С Британских островов сюда хлынул поток обездоленных граждан метрополии, мечтавших вырваться из нищеты, не боявшихся никакой работы, но и не склонных считаться с правами аборигенов. Выказав по отношению к маори, возможно, еще большую жестокость, чем та, от которой они сами бежали «на край земли», британцы вызвали взрыв ненависти к себе, который объединил разрозненные и даже враждовавшие племена в справедливой войне против колонизаторов (1843–1872). В результате так называемых маорийских войн Новая Зеландия стала единственной в то время колонией Британии, где местное население получило равные права с европейцами. Разумеется, эти права в основном остались на бумаге; маори воевали, а британцы (главным образом, ирландцы и шотландцы), отступая и вновь наступая, терпя поражения и побеждая, все глубже вгрызались в чужую землю.

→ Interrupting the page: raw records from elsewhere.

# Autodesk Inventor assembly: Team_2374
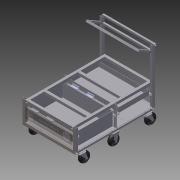
[picture p0: Inventor's stored thumbnail of the model, 180x180]
Saved by Autodesk Inventor 2012 (Build 160160000, 160)
## iProperties
Created: 2011-10-19
Part Number: Team_2374
Document SubType Name: Assembly
Designer: Ian Walters
Mass: 25411.4 g
Surface Area: 59424.9 cm^2
Volume: 9376.89 cm^3
Density: 2.71 g/cm^3
_SolveAssemblyDoc: Frame Generator Solve Assembly
_Version: 15.0.0
Author: Ian Walters
## Documents named in this file (38)
- C:\Users\Ian Walters\Dropbox\CAD Inventor\Preseason Projects\Cart Competition Cart\Team 2374\Team_2374.iam
- C:\Users\Ian Walters\Dropbox\CAD Inventor\Preseason Projects\Cart Competition Cart\Team 2374\Cart Skeleton.ipt
- C:\Users\Ian Walters\Dropbox\CAD Inventor\Preseason Projects\Cart Competition Cart\Team 2374\Team_2374\Frame\Cart Frame.iam
- C:\Users\Ian Walters\Dropbox\CAD Inventor\Preseason Projects\Cart Competition Cart\Team 2374\Bottom Sheet.ipt
- C:\Users\Ian Walters\Dropbox\CAD Inventor\Preseason Projects\Cart Competition Cart\Team 2374\IFI 114 - .1875 x 0.25.ipt
- C:\Users\Ian Walters\Dropbox\CAD Inventor\Preseason Projects\Cart Competition Cart\Team 2374\Fixed Caster.iam
- C:\Users\Ian Walters\Dropbox\CAD Inventor\Preseason Projects\Cart Competition Cart\Team 2374\Team_2374\Design Accelerator\Bolted Connection1.iam
- C:\Users\Ian Walters\Dropbox\CAD Inventor\Preseason Projects\Cart Competition Cart\Team 2374\Team_2374\Design Accelerator\Bolted Connection2.iam
- C:\Users\Ian Walters\Dropbox\CAD Inventor\Preseason Projects\Cart Competition Cart\Team 2374\Team_2374\Design Accelerator\Bolted Connection3.iam
- C:\Users\Ian Walters\Dropbox\CAD Inventor\Preseason Projects\Cart Competition Cart\Team 2374\Team_2374\Design Accelerator\Bolted Connection4.iam
- C:\Users\Ian Walters\Dropbox\CAD Inventor\Preseason Projects\Cart Competition Cart\Team 2374\Team_2374\Design Accelerator\Bolted Connection5.iam
- C:\Users\Ian Walters\Dropbox\CAD Inventor\Preseason Projects\Cart Competition Cart\Team 2374\Team_2374\Design Accelerator\Bolted Connection6.iam
- C:\Users\Ian Walters\Dropbox\CAD Inventor\Preseason Projects\Cart Competition Cart\Team 2374\Team_2374\Design Accelerator\Bolted Connection7.iam
- C:\Users\Ian Walters\Dropbox\CAD Inventor\Preseason Projects\Cart Competition Cart\Team 2374\Team_2374\Design Accelerator\Bolted Connection8.iam
- C:\Users\Ian Walters\Dropbox\CAD Inventor\Preseason Projects\Cart Competition Cart\Team 2374\Front Screen.ipt
- C:\Users\Ian Walters\Dropbox\CAD Inventor\Preseason Projects\Cart Competition Cart\Team 2374\Rotation Caster.iam
- C:\Users\Ian Walters\Dropbox\CAD Inventor\Preseason Projects\Cart Competition Cart\Team 2374\Team_2374\Design Accelerator\Bolted Connection9.iam
- C:\Users\Ian Walters\Dropbox\CAD Inventor\Preseason Projects\Cart Competition Cart\Team 2374\Team_2374\Design Accelerator\Bolted Connection10.iam
- C:\Users\Ian Walters\Dropbox\CAD Inventor\Preseason Projects\Cart Competition Cart\Team 2374\Team_2374\Design Accelerator\Bolted Connection11.iam
- C:\Users\Ian Walters\Dropbox\CAD Inventor\Preseason Projects\Cart Competition Cart\Team 2374\Team_2374\Design Accelerator\Bolted Connection12.iam
- C:\Users\Ian Walters\Dropbox\CAD Inventor\Preseason Projects\Cart Competition Cart\Team 2374\Team_2374\Design Accelerator\Bolted Connection13.iam
- C:\Users\Ian Walters\Dropbox\CAD Inventor\Preseason Projects\Cart Competition Cart\Team 2374\Team_2374\Design Accelerator\Bolted Connection14.iam
- C:\Users\Ian Walters\Dropbox\CAD Inventor\Preseason Projects\Cart Competition Cart\Team 2374\Team_2374\Design Accelerator\Bolted Connection15.iam
- C:\Users\Ian Walters\Dropbox\CAD Inventor\Preseason Projects\Cart Competition Cart\Team 2374\Team_2374\Design Accelerator\Bolted Connection16.iam
- C:\Users\Ian Walters\Dropbox\CAD Inventor\Preseason Projects\Cart Competition Cart\Team 2374\Team_2374\Design Accelerator\Bolted Connection17.iam
- C:\Users\Ian Walters\Dropbox\CAD Inventor\Preseason Projects\Cart Competition Cart\Team 2374\Team_2374\Design Accelerator\Bolted Connection18.iam
- C:\Users\Ian Walters\Dropbox\CAD Inventor\Preseason Projects\Cart Competition Cart\Team 2374\Team_2374\Design Accelerator\Bolted Connection19.iam
- C:\Users\Ian Walters\Dropbox\CAD Inventor\Preseason Projects\Cart Competition Cart\Team 2374\Team_2374\Design Accelerator\Bolted Connection20.iam
- C:\Users\Ian Walters\Dropbox\CAD Inventor\Preseason Projects\Cart Competition Cart\Team 2374\Team_2374\Design Accelerator\Bolted Connection21.iam
- C:\Users\Ian Walters\Dropbox\CAD Inventor\Preseason Projects\Cart Competition Cart\Team 2374\Team_2374\Design Accelerator\Bolted Connection22.iam
- C:\Users\Ian Walters\Dropbox\CAD Inventor\Preseason Projects\Cart Competition Cart\Team 2374\Team_2374\Design Accelerator\Bolted Connection23.iam
- C:\Users\Ian Walters\Dropbox\CAD Inventor\Preseason Projects\Cart Competition Cart\Team 2374\Team_2374\Design Accelerator\Bolted Connection24.iam
- C:\Users\Ian Walters\Dropbox\CAD Inventor\Preseason Projects\Cart Competition Cart\Team 2374\Drawer Slide.ipt
- C:\Users\Ian Walters\Dropbox\CAD Inventor\Preseason Projects\Cart Competition Cart\Team 2374\8020 Linear Bearing.iam
- C:\Users\Ian Walters\Dropbox\CAD Inventor\Preseason Projects\Cart Competition Cart\Team 2374\Big Drawer.ipt
- C:\Users\Ian Walters\Dropbox\CAD Inventor\Preseason Projects\Cart Competition Cart\Team 2374\Small Drawer.ipt
- C:\Users\Ian Walters\Dropbox\CAD Inventor\Preseason Projects\Cart Competition Cart\Team 2374\Handle.iam
- C:\Users\Ian Walters\Dropbox\CAD Inventor\Preseason Projects\Cart Competition Cart\Team 2374\Handle Slide.ipt
## Components (217 placed, 14 different names)
1. Cart Skeleton:1
2. Cart Frame:1 [sub-assembly] — Mate:1, Mate:2, Mate:3, Mate:4, Mate:5, Flush:1, Flush:2, Mate:26, Insert:11, Insert:12, Mate:29, Mate:30, Mate:31, Mate:32, Mate:33, Mate:34, Mate:35, Mate:36, Mate:37, Mate:38, Mate:39, Mate:40, Mate:41, Mate:42, Mate:43, Mate:44, Mate:45, Insert:13, Mate:46, Insert:14, Mate:47, Insert:15, Mate:48, Insert:16, Mate:49, Mate:50, Mate:51, Mate:52, Mate:53, Mate:54, Mate:55, Mate:56, Mate:57, Mate:58, Mate:59, Mate:60, Mate:61, Mate:62, Mate:63, Mate:64, Mate:65, Mate:66, Mate:67, Mate:68, Mate:69, Mate:70, Mate:71, Mate:72, Mate:73, Mate:74, Mate:75, Mate:76, Mate:77, Mate:78, Mate:79, Mate:80, Flush:3, Mate:81, Mate:83, Flush:21, Flush:22, Mate:92, Mate:93, Mate:94, Mate:95, Mate:96, Mate:99
3. Handle:1 [sub-assembly] — Mate:97, Mate:98, Mate:99
4. Handle Slide:2 — Mate:95, Mate:96, Flush:23
5. Handle Slide:1 — Mate:92, Mate:93, Mate:94, Flush:23, Mate:97, Mate:98
6. Bottom Sheet:1 — Mate:1, Mate:2, Mate:3, Insert:1, Insert:2, Insert:3, Insert:4, Mate:82
7. Front Screen:1 — Flush:1, Flush:2, Mate:26, Insert:7, Insert:8, Insert:9, Insert:10
8. Fixed Caster:1 [sub-assembly] — Mate:5, Insert:11
9. Fixed Caster:2 [sub-assembly] — Mate:4, Insert:12
10. Rotation Caster:1 [sub-assembly] — Mate:45, Insert:13
11. Rotation Caster:2 [sub-assembly] — Mate:46, Insert:14
12. Rotation Caster:3 [sub-assembly] — Mate:47, Insert:15
13. Rotation Caster:4 [sub-assembly] — Mate:48, Insert:16
14. IFI 114 - .1875 x 0.25:142 — Insert:10
15. IFI 114 - .1875 x 0.25:109 — Insert:7
16. Bolted Connection:1 [sub-assembly] — Mate:43, Mate:44
17. Bolted Connection:2 [sub-assembly] — Mate:29, Mate:30
18. Bolted Connection:3 [sub-assembly] — Mate:31, Mate:32
19. Bolted Connection:4 [sub-assembly] — Mate:33, Mate:34
20. Bolted Connection:5 [sub-assembly] — Mate:35, Mate:36
21. Bolted Connection:6 [sub-assembly] — Mate:37, Mate:38
22. Bolted Connection:7 [sub-assembly] — Mate:39, Mate:40
23. Bolted Connection:8 [sub-assembly] — Mate:41, Mate:42
24. Bolted Connection:9 [sub-assembly] — Mate:49, Mate:50
25. Bolted Connection:10 [sub-assembly] — Mate:51, Mate:52
26. Bolted Connection:11 [sub-assembly] — Mate:53, Mate:54
27. Bolted Connection:12 [sub-assembly] — Mate:55, Mate:56
28. Bolted Connection:13 [sub-assembly] — Mate:57, Mate:58
29. Bolted Connection:14 [sub-assembly] — Mate:59, Mate:60
30. Bolted Connection:15 [sub-assembly] — Mate:61, Mate:62
31. Bolted Connection:16 [sub-assembly] — Mate:63, Mate:64
32. Bolted Connection:17 [sub-assembly] — Mate:65, Mate:66
33. Bolted Connection:18 [sub-assembly] — Mate:67, Mate:68
34. Bolted Connection:19 [sub-assembly] — Mate:69, Mate:70
35. Bolted Connection:20 [sub-assembly] — Mate:71, Mate:72
36. Bolted Connection:21 [sub-assembly] — Mate:73, Mate:74
37. Bolted Connection:22 [sub-assembly] — Mate:75, Mate:76
38. Bolted Connection:23 [sub-assembly] — Mate:77, Mate:78
39. Bolted Connection:24 [sub-assembly] — Mate:79, Mate:80
40. Drawer Slide:1 — Flush:3, Mate:81, Mate:82, Flush:4, Flush:5, Flush:10, Flush:11, Flush:12, Flush:13
41. Drawer Slide:2 — Flush:4, Flush:5, Flush:9, Flush:16, Flush:17, Flush:18, Flush:19, Mate:89, Flush:8
42. Drawer Slide:3 — Flush:6, Flush:7, Flush:9, Mate:83, Mate:86, Flush:20, Mate:87, Mate:88
43. Drawer Slide:4 — Flush:6, Flush:7, Flush:8, Mate:84, Flush:14, Mate:85, Flush:15, Mate:89
44. 8020 Linear Bearing:1 [sub-assembly] — Flush:12, Flush:13, Insert:17, Insert:18
45. 8020 Linear Bearing:2 [sub-assembly] — Flush:10, Flush:11, Insert:19
46. 8020 Linear Bearing:3 [sub-assembly] — Mate:84, Flush:14, Insert:21
47. 8020 Linear Bearing:4 [sub-assembly] — Mate:85, Flush:15, Insert:20
48. 8020 Linear Bearing:5 [sub-assembly] — Flush:16, Flush:17, Mate:90
49. 8020 Linear Bearing:6 [sub-assembly] — Flush:18, Flush:19, Mate:91
50. 8020 Linear Bearing:7 [sub-assembly] — Mate:86, Flush:20, Insert:24
51. 8020 Linear Bearing:8 [sub-assembly] — Mate:87, Mate:88, Insert:22, Insert:23
52. Big Drawer:1 — Insert:17, Insert:18, Insert:19, Insert:20, Insert:21, Flush:21
53. Small Drawer:1 — Insert:22, Insert:23, Insert:24, Mate:90, Mate:91, Flush:22
54. IFI 114 - .1875 x 0.25:1 — Insert:1
55. IFI 114 - .1875 x 0.25:2 — Insert:2
56. IFI 114 - .1875 x 0.25:3 — Insert:3
57. IFI 114 - .1875 x 0.25:4 — Insert:4
58. IFI 114 - .1875 x 0.25:5
59. IFI 114 - .1875 x 0.25:6
60. IFI 114 - .1875 x 0.25:7
61. IFI 114 - .1875 x 0.25:8
62. IFI 114 - .1875 x 0.25:9
63. IFI 114 - .1875 x 0.25:10
64. IFI 114 - .1875 x 0.25:11
65. IFI 114 - .1875 x 0.25:12
66. IFI 114 - .1875 x 0.25:13
67. IFI 114 - .1875 x 0.25:14
68. IFI 114 - .1875 x 0.25:15
69. IFI 114 - .1875 x 0.25:16
70. IFI 114 - .1875 x 0.25:17
71. IFI 114 - .1875 x 0.25:18
72. IFI 114 - .1875 x 0.25:19
73. IFI 114 - .1875 x 0.25:20
74. IFI 114 - .1875 x 0.25:21
75. IFI 114 - .1875 x 0.25:22
76. IFI 114 - .1875 x 0.25:23
77. IFI 114 - .1875 x 0.25:24
78. IFI 114 - .1875 x 0.25:25
79. IFI 114 - .1875 x 0.25:26
80. IFI 114 - .1875 x 0.25:27
81. IFI 114 - .1875 x 0.25:28
82. IFI 114 - .1875 x 0.25:29
83. IFI 114 - .1875 x 0.25:30
84. IFI 114 - .1875 x 0.25:31
85. IFI 114 - .1875 x 0.25:32
86. IFI 114 - .1875 x 0.25:33
87. IFI 114 - .1875 x 0.25:34
88. IFI 114 - .1875 x 0.25:35
89. IFI 114 - .1875 x 0.25:36
90. IFI 114 - .1875 x 0.25:37
91. IFI 114 - .1875 x 0.25:38
92. IFI 114 - .1875 x 0.25:39
93. IFI 114 - .1875 x 0.25:40
94. IFI 114 - .1875 x 0.25:41
95. IFI 114 - .1875 x 0.25:42
96. IFI 114 - .1875 x 0.25:43
97. IFI 114 - .1875 x 0.25:44
98. IFI 114 - .1875 x 0.25:45
99. IFI 114 - .1875 x 0.25:46
100. IFI 114 - .1875 x 0.25:47
101. IFI 114 - .1875 x 0.25:48
102. IFI 114 - .1875 x 0.25:49
103. IFI 114 - .1875 x 0.25:50
104. IFI 114 - .1875 x 0.25:51
105. IFI 114 - .1875 x 0.25:52
106. IFI 114 - .1875 x 0.25:53
107. IFI 114 - .1875 x 0.25:54
108. IFI 114 - .1875 x 0.25:55
109. IFI 114 - .1875 x 0.25:56
110. IFI 114 - .1875 x 0.25:57
111. IFI 114 - .1875 x 0.25:58
112. IFI 114 - .1875 x 0.25:59
113. IFI 114 - .1875 x 0.25:60
114. IFI 114 - .1875 x 0.25:61
115. IFI 114 - .1875 x 0.25:62
116. IFI 114 - .1875 x 0.25:63
117. IFI 114 - .1875 x 0.25:64
118. IFI 114 - .1875 x 0.25:65
119. IFI 114 - .1875 x 0.25:66
120. IFI 114 - .1875 x 0.25:67
121. IFI 114 - .1875 x 0.25:68
122. IFI 114 - .1875 x 0.25:69
123. IFI 114 - .1875 x 0.25:70
124. IFI 114 - .1875 x 0.25:71
125. IFI 114 - .1875 x 0.25:72
126. IFI 114 - .1875 x 0.25:73
127. IFI 114 - .1875 x 0.25:74
128. IFI 114 - .1875 x 0.25:75
129. IFI 114 - .1875 x 0.25:76
130. IFI 114 - .1875 x 0.25:77
131. IFI 114 - .1875 x 0.25:78
132. IFI 114 - .1875 x 0.25:79
133. IFI 114 - .1875 x 0.25:80
134. IFI 114 - .1875 x 0.25:81
135. IFI 114 - .1875 x 0.25:82
136. IFI 114 - .1875 x 0.25:83
137. IFI 114 - .1875 x 0.25:84
138. IFI 114 - .1875 x 0.25:85
139. IFI 114 - .1875 x 0.25:86
140. IFI 114 - .1875 x 0.25:87
141. IFI 114 - .1875 x 0.25:88
142. IFI 114 - .1875 x 0.25:89
143. IFI 114 - .1875 x 0.25:90
144. IFI 114 - .1875 x 0.25:91
145. IFI 114 - .1875 x 0.25:92
146. IFI 114 - .1875 x 0.25:93
147. IFI 114 - .1875 x 0.25:94
148. IFI 114 - .1875 x 0.25:95
149. IFI 114 - .1875 x 0.25:96
150. IFI 114 - .1875 x 0.25:97
151. IFI 114 - .1875 x 0.25:98
152. IFI 114 - .1875 x 0.25:99
153. IFI 114 - .1875 x 0.25:100
154. IFI 114 - .1875 x 0.25:101
155. IFI 114 - .1875 x 0.25:102
156. IFI 114 - .1875 x 0.25:103
157. IFI 114 - .1875 x 0.25:104
158. IFI 114 - .1875 x 0.25:105
159. IFI 114 - .1875 x 0.25:106
160. IFI 114 - .1875 x 0.25:107
161. IFI 114 - .1875 x 0.25:108
162. IFI 114 - .1875 x 0.25:110 — Insert:8
163. IFI 114 - .1875 x 0.25:111
164. IFI 114 - .1875 x 0.25:112
165. IFI 114 - .1875 x 0.25:113
166. IFI 114 - .1875 x 0.25:114
167. IFI 114 - .1875 x 0.25:115
168. IFI 114 - .1875 x 0.25:116
169. IFI 114 - .1875 x 0.25:117
170. IFI 114 - .1875 x 0.25:118
171. IFI 114 - .1875 x 0.25:119
172. IFI 114 - .1875 x 0.25:120
173. IFI 114 - .1875 x 0.25:121
174. IFI 114 - .1875 x 0.25:122
175. IFI 114 - .1875 x 0.25:123
176. IFI 114 - .1875 x 0.25:124
177. IFI 114 - .1875 x 0.25:125
178. IFI 114 - .1875 x 0.25:126
179. IFI 114 - .1875 x 0.25:127
180. IFI 114 - .1875 x 0.25:128
181. IFI 114 - .1875 x 0.25:129
182. IFI 114 - .1875 x 0.25:130
183. IFI 114 - .1875 x 0.25:131
184. IFI 114 - .1875 x 0.25:132
185. IFI 114 - .1875 x 0.25:133
186. IFI 114 - .1875 x 0.25:134
187. IFI 114 - .1875 x 0.25:135
188. IFI 114 - .1875 x 0.25:136
189. IFI 114 - .1875 x 0.25:137
190. IFI 114 - .1875 x 0.25:138
191. IFI 114 - .1875 x 0.25:139
192. IFI 114 - .1875 x 0.25:140
193. IFI 114 - .1875 x 0.25:141 — Insert:9
194. IFI 114 - .1875 x 0.25:143
195. IFI 114 - .1875 x 0.25:144
196. IFI 114 - .1875 x 0.25:145
197. IFI 114 - .1875 x 0.25:146
198. IFI 114 - .1875 x 0.25:147
199. IFI 114 - .1875 x 0.25:148
200. IFI 114 - .1875 x 0.25:149
201. IFI 114 - .1875 x 0.25:150
202. IFI 114 - .1875 x 0.25:151
203. IFI 114 - .1875 x 0.25:152
204. IFI 114 - .1875 x 0.25:153
205. IFI 114 - .1875 x 0.25:154
206. IFI 114 - .1875 x 0.25:155
207. IFI 114 - .1875 x 0.25:156
208. IFI 114 - .1875 x 0.25:157
209. IFI 114 - .1875 x 0.25:158
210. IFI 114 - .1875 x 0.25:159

До глухой провинции не доходили отзвуки напряженной политической и духовной жизни Европы. Она работала не покладая рук и добывая деньги. В конце XIX столетия новозеландцы европейского происхождения обрели более или менее сытое существование. Голодное прошлое осталось где-то в другой жизни, о нем не хотелось вспоминать. Гордясь своими достижениями, потомки переселенцев в конце концов ощутили и гордость за свою новую родину. Национальное самосознание, впервые возникшее на рубеже веков, стало новой, более высокой степенью объединения людей.
Однако и в этом «земном раю» далеко не все богатели. Здесь тоже были бедные и богатые, слуги и господа, разве лишь расслоение еще не достигло такой глубины, как в развитых европейских странах.
До двадцатых годов нашего столетия Новая Зеландия «делала деньги», мало заботясь о духовной жизни своих граждан. Отдельные сборники стихотворений или романы апологетичны по сути и более или менее подражательны по форме. Литературы, в общем-то, не было. Были немногочисленные поэты и писатели, в разные годы по-разному воспринимавшие свое присутствие на островах — удивленно, отстраненно, радостно, восхищенно и т. д. Только великое потрясение, вызванное экономическим кризисом 1920— 1930-х годов, который обрушился на все капиталистические страны, не исключая и Новую Зеландию, заставил их по-другому взглянуть на себя и окружающую жизнь и окончательно избавиться от всяких вольных или невольных претензий на экзотику. Именно в эти годы родилась национальная литература Новой Зеландии, которая наследовала все самое значительное, что было создано примерно за восемьдесят лет пребывания «европейцев» на островах, богатых фольклорной традицией. Несомненно, одним из наиболее ценных обретений стало творчество Кэтрин Мэнсфилд, чье главенствующее влияние неоспоримо и подтверждено не только учреждением премии ее имени, но и всем последующим развитием новозеландской прозы. Кэтрин Мэнсфилд росла в то время, когда понятия «новозеландская литература» еще не существовало и только человек, наделенный смелым воображением, мог предвидеть ее появление в стране, где не было ни одного литературного журнала, где в немногих выходящих в свет произведениях воспевались, как правило, экзотические красоты местной природы, благородные белые рыцари, прелестные маорийские принцессы и сторицей вознаграждаемое трудолюбие фермеров. Конечно, среди них были книги, написанные искренним и талантливым пером. Но если всего книг печаталось ничтожно мало, то такие и вовсе можно было по пальцам пересчитать…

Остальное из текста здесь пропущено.